Hier, dossiers de crédit bloqués. Aujourd’hui, les contrats de prêt sont plus facilement accordés. Et demain ? Si la hausse du taux d’usure du 1er octobre a donné un peu de répit aux débiteurs, personne ne sait combien de temps elle durera. C’est donc plus que jamais le moment de se lancer dans l’obtention d’un prêt.

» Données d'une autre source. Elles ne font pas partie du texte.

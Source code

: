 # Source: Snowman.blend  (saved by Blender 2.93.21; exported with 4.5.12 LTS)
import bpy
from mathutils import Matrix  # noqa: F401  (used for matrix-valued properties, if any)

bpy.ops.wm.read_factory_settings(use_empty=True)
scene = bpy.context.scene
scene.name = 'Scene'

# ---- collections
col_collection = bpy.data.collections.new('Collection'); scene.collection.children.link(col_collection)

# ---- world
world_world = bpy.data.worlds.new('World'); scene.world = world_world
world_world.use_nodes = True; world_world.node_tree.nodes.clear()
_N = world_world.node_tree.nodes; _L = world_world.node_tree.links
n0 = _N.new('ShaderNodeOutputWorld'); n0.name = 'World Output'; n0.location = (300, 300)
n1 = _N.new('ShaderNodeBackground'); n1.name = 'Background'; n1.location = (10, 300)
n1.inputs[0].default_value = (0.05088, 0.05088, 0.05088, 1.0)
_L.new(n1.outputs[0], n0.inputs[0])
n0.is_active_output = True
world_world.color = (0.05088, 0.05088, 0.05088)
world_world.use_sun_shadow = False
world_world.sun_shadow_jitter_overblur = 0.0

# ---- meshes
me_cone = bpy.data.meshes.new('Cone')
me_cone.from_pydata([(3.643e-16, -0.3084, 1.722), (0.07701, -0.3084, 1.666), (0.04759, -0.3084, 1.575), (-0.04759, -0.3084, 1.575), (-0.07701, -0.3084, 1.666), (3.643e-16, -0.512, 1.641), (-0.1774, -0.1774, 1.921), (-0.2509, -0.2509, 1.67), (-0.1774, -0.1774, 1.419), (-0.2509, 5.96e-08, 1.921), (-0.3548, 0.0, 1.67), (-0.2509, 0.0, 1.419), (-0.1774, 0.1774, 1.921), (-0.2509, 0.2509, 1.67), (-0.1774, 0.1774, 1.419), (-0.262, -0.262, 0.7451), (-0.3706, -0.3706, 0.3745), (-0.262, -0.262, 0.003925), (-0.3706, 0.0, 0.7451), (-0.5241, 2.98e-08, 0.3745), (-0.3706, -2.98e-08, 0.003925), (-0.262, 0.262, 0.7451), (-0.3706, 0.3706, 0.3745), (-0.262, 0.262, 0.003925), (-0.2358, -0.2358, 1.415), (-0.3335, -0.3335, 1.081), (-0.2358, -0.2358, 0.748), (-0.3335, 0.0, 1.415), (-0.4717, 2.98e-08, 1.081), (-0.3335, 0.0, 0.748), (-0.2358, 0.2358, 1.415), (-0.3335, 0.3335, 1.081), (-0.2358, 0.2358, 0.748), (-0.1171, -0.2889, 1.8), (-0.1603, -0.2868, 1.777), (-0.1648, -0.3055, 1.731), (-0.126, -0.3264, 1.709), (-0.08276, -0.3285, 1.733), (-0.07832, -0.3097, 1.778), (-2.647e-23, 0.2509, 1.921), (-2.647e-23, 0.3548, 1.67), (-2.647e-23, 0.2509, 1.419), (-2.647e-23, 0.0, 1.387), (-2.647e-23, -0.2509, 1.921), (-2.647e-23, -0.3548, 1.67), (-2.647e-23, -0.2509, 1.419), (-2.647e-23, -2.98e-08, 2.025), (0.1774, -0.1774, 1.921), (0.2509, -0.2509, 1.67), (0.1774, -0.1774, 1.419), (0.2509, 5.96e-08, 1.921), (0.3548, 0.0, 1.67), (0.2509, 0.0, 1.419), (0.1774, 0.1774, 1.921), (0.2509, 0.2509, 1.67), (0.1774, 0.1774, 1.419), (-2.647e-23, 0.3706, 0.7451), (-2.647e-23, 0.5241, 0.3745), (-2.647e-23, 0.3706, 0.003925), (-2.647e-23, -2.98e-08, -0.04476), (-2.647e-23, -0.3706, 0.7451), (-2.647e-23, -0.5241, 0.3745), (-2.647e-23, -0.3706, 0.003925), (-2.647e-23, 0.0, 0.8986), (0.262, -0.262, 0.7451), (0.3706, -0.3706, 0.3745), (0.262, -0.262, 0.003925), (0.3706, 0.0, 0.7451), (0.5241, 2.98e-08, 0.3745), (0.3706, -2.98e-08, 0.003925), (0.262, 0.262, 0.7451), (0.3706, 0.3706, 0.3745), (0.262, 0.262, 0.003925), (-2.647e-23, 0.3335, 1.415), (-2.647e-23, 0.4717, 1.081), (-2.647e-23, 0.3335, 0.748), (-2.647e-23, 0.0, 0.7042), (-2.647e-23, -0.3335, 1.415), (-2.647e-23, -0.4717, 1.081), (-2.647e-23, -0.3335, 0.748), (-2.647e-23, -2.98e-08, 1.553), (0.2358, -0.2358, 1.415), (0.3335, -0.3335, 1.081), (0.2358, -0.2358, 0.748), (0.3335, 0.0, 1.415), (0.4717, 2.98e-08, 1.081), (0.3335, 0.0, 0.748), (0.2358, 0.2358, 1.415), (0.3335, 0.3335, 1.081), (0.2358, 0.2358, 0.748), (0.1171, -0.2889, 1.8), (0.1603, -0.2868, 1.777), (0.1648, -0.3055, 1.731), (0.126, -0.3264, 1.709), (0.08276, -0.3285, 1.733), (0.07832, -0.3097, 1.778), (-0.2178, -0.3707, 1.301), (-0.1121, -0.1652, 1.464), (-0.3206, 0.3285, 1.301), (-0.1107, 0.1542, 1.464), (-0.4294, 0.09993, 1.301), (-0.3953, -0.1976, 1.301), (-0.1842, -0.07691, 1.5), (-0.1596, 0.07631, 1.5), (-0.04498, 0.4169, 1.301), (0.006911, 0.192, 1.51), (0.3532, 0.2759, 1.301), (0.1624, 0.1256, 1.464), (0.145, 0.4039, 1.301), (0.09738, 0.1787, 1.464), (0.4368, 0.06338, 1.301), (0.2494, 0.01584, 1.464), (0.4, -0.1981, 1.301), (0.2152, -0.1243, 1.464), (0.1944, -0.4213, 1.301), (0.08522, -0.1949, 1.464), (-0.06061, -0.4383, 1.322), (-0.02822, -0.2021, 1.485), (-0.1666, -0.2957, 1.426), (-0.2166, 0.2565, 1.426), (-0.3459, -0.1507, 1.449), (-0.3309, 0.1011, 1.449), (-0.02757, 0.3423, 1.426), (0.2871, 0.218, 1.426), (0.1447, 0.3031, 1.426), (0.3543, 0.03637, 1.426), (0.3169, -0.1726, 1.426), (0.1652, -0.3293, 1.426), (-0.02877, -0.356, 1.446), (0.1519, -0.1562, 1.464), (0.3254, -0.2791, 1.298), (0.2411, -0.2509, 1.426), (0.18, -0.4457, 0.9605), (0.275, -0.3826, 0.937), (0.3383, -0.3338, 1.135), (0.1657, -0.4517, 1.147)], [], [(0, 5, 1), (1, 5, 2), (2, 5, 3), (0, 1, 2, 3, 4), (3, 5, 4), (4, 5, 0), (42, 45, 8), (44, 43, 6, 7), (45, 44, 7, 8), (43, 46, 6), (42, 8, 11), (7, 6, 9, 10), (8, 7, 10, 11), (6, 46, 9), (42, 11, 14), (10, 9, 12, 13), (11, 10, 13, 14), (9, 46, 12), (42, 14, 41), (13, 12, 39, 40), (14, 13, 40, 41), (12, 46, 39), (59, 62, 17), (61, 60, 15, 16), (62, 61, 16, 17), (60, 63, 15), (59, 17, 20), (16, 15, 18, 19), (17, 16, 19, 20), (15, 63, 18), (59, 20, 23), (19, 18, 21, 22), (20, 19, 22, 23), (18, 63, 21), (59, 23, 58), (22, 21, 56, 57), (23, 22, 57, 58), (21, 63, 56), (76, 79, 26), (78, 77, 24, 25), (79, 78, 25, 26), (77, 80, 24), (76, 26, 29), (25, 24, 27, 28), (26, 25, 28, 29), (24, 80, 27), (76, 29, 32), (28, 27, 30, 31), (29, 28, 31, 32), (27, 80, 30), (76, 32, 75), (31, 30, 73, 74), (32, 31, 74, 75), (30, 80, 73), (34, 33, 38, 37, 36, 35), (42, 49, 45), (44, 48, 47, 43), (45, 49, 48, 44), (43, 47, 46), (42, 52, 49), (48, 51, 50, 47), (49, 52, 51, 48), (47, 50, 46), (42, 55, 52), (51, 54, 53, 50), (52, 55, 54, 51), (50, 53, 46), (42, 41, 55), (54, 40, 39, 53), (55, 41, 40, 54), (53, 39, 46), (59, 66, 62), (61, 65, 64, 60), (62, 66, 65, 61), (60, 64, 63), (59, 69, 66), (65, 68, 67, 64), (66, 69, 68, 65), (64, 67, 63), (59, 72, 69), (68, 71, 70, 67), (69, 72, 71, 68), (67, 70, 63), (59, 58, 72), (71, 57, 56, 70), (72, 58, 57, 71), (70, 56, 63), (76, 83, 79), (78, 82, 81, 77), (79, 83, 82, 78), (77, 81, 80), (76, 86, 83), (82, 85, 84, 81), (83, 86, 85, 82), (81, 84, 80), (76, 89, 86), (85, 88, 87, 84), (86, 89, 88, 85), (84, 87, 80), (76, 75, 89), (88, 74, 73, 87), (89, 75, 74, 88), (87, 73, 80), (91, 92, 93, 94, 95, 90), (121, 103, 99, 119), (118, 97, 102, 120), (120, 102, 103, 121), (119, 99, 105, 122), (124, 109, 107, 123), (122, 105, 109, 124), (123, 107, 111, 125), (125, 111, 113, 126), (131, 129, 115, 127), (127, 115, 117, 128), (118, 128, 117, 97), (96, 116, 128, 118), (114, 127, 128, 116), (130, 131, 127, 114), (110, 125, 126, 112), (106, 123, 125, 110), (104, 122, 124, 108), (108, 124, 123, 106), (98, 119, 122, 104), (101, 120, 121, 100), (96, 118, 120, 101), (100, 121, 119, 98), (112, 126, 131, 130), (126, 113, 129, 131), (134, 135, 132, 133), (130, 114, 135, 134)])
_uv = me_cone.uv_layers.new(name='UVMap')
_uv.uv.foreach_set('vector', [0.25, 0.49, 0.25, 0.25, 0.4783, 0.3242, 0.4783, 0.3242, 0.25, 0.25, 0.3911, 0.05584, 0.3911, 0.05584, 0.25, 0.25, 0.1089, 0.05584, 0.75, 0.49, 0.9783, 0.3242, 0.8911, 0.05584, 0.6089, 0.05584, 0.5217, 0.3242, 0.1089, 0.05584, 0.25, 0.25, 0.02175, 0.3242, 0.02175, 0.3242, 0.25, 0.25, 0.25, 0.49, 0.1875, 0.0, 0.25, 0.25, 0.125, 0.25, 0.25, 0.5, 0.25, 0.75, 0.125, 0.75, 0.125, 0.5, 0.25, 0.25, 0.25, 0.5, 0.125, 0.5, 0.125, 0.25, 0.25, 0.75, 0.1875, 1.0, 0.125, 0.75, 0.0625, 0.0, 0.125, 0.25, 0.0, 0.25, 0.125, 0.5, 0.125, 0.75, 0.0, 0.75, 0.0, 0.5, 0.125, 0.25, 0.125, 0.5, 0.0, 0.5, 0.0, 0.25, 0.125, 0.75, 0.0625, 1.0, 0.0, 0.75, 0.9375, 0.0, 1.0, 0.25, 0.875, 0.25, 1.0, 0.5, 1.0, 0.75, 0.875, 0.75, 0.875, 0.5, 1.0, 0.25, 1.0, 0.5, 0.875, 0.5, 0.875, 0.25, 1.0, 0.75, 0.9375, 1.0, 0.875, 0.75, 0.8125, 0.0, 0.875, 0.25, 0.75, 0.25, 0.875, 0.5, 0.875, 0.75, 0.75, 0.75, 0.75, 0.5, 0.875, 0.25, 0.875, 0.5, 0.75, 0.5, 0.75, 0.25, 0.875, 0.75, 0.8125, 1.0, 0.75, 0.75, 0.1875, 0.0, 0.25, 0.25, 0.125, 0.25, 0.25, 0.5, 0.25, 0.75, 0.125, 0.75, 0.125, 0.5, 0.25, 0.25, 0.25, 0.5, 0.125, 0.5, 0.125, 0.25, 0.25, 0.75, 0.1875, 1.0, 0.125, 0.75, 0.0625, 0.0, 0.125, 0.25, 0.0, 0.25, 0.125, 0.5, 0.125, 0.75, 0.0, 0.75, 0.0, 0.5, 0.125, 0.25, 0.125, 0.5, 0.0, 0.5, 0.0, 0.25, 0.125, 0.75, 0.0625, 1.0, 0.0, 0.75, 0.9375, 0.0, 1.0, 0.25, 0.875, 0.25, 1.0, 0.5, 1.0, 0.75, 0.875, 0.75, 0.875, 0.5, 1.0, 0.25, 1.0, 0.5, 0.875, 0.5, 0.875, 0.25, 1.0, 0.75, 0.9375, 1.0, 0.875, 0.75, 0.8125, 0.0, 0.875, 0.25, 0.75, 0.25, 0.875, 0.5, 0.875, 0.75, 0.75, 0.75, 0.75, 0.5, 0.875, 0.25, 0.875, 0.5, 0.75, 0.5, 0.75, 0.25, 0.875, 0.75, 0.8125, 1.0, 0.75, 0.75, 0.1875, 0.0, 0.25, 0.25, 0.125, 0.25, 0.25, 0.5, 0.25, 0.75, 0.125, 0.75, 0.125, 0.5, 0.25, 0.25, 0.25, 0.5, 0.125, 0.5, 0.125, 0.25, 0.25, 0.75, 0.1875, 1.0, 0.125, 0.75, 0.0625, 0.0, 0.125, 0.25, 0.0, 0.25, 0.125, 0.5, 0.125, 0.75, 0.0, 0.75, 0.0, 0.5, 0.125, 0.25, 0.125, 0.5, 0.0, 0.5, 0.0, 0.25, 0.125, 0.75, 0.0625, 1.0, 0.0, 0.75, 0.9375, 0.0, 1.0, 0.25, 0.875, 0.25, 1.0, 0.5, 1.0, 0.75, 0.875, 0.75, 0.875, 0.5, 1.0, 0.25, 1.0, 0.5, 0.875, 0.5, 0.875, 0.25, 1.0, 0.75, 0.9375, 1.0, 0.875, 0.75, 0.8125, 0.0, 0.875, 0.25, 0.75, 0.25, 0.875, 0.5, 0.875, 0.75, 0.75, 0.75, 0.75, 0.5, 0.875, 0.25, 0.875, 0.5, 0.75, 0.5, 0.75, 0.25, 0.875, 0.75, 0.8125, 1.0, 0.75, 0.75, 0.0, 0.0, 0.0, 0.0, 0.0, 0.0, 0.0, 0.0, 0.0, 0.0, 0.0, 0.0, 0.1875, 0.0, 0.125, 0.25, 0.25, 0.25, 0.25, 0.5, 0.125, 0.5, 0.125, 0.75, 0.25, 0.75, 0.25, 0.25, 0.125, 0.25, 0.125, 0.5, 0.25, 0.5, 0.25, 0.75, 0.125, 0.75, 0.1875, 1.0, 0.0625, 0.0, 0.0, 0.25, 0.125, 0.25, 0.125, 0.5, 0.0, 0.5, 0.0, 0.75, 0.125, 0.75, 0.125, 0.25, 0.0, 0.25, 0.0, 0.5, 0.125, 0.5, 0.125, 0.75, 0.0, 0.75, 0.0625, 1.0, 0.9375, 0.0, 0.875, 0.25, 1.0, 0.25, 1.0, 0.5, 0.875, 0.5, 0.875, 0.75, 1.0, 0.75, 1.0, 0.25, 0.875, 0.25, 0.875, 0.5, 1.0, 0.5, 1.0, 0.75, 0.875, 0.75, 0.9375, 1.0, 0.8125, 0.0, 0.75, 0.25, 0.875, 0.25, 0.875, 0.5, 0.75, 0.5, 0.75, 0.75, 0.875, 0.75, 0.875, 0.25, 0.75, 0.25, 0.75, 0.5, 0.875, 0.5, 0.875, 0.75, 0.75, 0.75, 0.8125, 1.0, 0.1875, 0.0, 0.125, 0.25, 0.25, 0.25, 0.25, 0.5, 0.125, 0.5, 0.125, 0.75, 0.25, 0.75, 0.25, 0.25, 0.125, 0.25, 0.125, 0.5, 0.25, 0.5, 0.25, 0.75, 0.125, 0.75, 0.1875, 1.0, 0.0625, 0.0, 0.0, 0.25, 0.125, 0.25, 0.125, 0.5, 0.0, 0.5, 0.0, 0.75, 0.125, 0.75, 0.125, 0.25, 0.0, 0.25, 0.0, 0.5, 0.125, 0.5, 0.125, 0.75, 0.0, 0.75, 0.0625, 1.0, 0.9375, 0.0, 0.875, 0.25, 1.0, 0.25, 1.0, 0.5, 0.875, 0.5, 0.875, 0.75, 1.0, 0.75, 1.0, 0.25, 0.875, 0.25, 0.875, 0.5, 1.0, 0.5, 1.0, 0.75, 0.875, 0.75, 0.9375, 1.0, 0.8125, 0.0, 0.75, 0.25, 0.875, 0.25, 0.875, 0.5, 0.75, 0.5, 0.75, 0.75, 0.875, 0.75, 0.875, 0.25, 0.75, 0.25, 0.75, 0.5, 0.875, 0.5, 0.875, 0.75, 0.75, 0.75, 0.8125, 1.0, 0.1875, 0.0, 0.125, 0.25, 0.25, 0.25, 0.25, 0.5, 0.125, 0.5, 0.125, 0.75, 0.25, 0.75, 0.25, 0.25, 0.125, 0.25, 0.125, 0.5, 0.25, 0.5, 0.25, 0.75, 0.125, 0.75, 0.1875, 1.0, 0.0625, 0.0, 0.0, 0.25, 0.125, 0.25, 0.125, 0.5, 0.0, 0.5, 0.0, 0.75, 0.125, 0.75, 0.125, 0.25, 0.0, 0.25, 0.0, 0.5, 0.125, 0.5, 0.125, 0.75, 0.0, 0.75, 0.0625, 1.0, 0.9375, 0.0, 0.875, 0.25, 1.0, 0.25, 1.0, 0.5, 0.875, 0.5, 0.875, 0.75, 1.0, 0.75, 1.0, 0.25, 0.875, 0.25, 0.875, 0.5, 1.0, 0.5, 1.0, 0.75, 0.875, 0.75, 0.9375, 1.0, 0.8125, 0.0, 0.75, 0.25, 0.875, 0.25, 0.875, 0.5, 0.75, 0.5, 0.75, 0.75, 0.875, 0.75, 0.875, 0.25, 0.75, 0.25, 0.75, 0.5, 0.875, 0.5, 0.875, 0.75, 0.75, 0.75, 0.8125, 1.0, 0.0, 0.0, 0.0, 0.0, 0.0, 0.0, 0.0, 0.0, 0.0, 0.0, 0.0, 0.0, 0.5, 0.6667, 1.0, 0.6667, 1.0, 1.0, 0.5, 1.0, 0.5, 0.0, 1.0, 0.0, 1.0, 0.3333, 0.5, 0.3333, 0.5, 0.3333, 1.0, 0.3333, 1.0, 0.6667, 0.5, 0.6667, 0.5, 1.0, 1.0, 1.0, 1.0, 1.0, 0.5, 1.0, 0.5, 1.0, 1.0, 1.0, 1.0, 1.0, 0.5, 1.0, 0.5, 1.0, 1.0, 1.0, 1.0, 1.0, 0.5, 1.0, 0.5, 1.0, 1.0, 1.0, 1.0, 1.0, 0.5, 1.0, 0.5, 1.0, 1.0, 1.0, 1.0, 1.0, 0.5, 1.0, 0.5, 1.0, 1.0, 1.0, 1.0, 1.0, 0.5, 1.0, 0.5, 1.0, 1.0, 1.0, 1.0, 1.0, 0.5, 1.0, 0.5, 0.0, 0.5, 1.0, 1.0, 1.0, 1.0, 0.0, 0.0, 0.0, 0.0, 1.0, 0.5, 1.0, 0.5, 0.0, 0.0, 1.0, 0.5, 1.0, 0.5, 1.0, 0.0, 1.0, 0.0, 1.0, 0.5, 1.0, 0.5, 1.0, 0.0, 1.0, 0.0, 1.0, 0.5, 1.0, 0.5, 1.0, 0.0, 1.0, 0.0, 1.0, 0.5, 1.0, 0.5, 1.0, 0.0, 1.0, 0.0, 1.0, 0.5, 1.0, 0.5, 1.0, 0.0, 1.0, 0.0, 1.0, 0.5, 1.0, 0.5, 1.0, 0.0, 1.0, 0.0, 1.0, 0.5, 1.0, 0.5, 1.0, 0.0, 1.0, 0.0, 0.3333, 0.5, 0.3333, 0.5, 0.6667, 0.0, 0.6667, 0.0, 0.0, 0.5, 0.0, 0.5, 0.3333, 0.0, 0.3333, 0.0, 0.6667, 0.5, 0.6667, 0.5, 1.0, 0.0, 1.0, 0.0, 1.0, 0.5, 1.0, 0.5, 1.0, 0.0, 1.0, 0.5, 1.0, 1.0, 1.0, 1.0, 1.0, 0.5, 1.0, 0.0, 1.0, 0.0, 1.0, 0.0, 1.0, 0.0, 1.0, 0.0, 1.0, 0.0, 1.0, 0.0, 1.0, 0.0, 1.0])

Le 1er octobre, le taux d’usure, le taux maximum au-dessus duquel la banque ne peut pas offrir de crédit, a été relevé de 2,57% à 3,05% pour les prêts de 20 ans et plus. Une « bonne nouvelle », selon Maël Bernier, directeur de la communication et porte-parole de Meilleurtaux, qui précise que « cela va offrir une bouffée d’air frais à tous les dossiers rejetés ou en attente depuis cet été ».

Mais cette bouffée d’air frais pourrait s’avérer passagère. En cause, les taux des crédits immobiliers qui devraient eux aussi augmenter. Une tendance qui s’est déjà amorcée en octobre, avec une hausse de 0,2 à 0,3 % en moyenne par rapport à cet été, selon le site MoneyVox.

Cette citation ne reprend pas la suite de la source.